◆ Items listed in a dataset ◆

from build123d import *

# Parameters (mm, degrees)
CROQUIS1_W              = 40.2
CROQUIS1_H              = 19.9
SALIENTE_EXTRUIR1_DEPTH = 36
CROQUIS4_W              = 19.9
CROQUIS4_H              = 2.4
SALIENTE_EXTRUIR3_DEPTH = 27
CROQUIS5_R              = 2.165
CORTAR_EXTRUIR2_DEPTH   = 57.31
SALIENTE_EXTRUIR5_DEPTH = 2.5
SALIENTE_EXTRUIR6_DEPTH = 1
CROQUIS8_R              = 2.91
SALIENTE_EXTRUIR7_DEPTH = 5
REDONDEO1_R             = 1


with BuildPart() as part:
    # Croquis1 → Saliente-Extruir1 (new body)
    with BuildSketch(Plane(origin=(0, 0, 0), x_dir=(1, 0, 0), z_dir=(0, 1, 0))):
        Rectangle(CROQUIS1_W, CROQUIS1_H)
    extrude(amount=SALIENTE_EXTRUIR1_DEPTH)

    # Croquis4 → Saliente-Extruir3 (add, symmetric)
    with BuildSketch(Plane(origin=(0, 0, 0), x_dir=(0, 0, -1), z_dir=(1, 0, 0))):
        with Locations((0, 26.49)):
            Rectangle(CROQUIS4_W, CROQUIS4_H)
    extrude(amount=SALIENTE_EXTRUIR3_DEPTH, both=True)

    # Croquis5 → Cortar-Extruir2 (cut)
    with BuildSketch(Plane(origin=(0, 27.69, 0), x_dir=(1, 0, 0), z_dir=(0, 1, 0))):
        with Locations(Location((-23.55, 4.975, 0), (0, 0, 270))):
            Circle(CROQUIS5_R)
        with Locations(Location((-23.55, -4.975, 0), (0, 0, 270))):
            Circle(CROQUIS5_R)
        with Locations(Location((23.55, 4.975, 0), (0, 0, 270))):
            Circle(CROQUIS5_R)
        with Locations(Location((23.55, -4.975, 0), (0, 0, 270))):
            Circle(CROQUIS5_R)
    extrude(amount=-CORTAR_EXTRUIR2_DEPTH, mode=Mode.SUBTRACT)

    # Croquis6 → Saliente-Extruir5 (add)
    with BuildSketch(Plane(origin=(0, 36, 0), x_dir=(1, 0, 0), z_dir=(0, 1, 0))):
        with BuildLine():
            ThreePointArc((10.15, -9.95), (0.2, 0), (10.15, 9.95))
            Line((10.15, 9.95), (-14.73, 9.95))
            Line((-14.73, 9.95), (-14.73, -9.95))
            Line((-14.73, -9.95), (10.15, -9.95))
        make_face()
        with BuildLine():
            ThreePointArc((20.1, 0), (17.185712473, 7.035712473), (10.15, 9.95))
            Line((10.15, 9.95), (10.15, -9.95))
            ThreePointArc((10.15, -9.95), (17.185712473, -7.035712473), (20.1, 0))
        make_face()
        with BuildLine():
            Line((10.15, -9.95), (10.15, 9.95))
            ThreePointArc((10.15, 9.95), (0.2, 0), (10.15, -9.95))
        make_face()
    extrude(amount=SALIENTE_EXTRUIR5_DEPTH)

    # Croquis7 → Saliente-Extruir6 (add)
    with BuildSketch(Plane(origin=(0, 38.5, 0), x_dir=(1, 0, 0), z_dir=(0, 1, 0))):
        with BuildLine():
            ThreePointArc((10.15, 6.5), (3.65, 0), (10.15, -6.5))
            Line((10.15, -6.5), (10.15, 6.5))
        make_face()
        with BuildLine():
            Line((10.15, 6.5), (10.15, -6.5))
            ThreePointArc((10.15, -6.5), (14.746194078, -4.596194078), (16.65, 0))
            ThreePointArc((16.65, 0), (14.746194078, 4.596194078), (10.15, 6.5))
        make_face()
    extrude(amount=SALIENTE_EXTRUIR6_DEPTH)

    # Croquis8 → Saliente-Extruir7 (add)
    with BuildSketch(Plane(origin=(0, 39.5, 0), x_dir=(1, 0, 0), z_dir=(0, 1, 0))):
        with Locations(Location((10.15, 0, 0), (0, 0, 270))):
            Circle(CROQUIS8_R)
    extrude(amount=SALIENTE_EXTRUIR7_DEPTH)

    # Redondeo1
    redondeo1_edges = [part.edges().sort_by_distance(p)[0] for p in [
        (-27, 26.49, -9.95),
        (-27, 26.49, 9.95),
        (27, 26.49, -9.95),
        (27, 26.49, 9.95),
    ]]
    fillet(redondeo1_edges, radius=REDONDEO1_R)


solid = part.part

◆ Work instructions ◆
Set down the line that contains "Circle(CROQUIS8_R)" exactly. Do the same for each later line of the data, through the end, and add nothing.

◆ Written answer ◆
            Circle(CROQUIS8_R)
    extrude(amount=SALIENTE_EXTRUIR7_DEPTH)

    # Redondeo1
    redondeo1_edges = [part.edges().sort_by_distance(p)[0] for p in [
        (-27, 26.49, -9.95),
        (-27, 26.49, 9.95),
        (27, 26.49, -9.95),
        (27, 26.49, 9.95),
    ]]
    fillet(redondeo1_edges, radius=REDONDEO1_R)


solid = part.part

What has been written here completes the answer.